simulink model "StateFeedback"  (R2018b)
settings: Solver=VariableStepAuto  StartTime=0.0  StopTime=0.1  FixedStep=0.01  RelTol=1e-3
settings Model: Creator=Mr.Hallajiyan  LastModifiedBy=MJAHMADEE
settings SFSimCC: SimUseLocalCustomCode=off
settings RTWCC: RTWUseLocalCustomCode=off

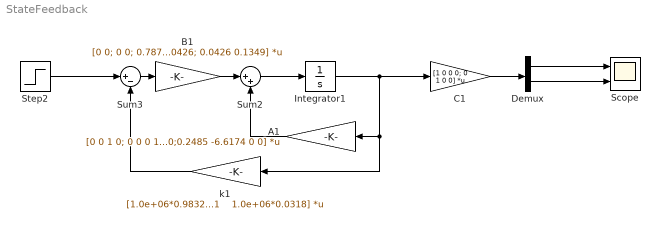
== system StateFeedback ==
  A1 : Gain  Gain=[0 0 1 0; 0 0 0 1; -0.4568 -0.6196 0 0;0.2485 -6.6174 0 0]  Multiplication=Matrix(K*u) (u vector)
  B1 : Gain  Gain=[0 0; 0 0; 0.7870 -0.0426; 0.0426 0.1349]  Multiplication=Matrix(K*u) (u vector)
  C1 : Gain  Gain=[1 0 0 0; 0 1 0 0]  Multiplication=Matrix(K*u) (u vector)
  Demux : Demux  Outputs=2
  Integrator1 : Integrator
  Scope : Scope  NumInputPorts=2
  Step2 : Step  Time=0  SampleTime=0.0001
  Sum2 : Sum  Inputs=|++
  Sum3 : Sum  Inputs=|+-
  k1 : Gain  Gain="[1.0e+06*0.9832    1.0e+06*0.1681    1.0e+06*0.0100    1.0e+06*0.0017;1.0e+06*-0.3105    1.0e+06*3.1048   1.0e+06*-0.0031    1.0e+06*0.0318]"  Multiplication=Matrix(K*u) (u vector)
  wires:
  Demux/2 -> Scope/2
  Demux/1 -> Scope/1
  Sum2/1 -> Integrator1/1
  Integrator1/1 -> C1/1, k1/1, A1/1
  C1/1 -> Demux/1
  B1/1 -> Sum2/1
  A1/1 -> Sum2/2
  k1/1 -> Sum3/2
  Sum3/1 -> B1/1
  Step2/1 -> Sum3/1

────

--- What you are asked to do ---
Each record above should be restated word for word. The pictures should not appear.

--- Output ---
simulink model "StateFeedback"  (R2018b)
settings: Solver=VariableStepAuto  StartTime=0.0  StopTime=0.1  FixedStep=0.01  RelTol=1e-3
settings Model: Creator=Mr.Hallajiyan  LastModifiedBy=MJAHMADEE
settings SFSimCC: SimUseLocalCustomCode=off
settings RTWCC: RTWUseLocalCustomCode=off

== system StateFeedback ==
  A1 : Gain  Gain=[0 0 1 0; 0 0 0 1; -0.4568 -0.6196 0 0;0.2485 -6.6174 0 0]  Multiplication=Matrix(K*u) (u vector)
  B1 : Gain  Gain=[0 0; 0 0; 0.7870 -0.0426; 0.0426 0.1349]  Multiplication=Matrix(K*u) (u vector)
  C1 : Gain  Gain=[1 0 0 0; 0 1 0 0]  Multiplication=Matrix(K*u) (u vector)
  Demux : Demux  Outputs=2
  Integrator1 : Integrator
  Scope : Scope  NumInputPorts=2
  Step2 : Step  Time=0  SampleTime=0.0001
  Sum2 : Sum  Inputs=|++
  Sum3 : Sum  Inputs=|+-
  k1 : Gain  Gain="[1.0e+06*0.9832    1.0e+06*0.1681    1.0e+06*0.0100    1.0e+06*0.0017;1.0e+06*-0.3105    1.0e+06*3.1048   1.0e+06*-0.0031    1.0e+06*0.0318]"  Multiplication=Matrix(K*u) (u vector)
  wires:
  Demux/2 -> Scope/2
  Demux/1 -> Scope/1
  Sum2/1 -> Integrator1/1
  Integrator1/1 -> C1/1, k1/1, A1/1
  C1/1 -> Demux/1
  B1/1 -> Sum2/1
  A1/1 -> Sum2/2
  k1/1 -> Sum3/2
  Sum3/1 -> B1/1
  Step2/1 -> Sum3/1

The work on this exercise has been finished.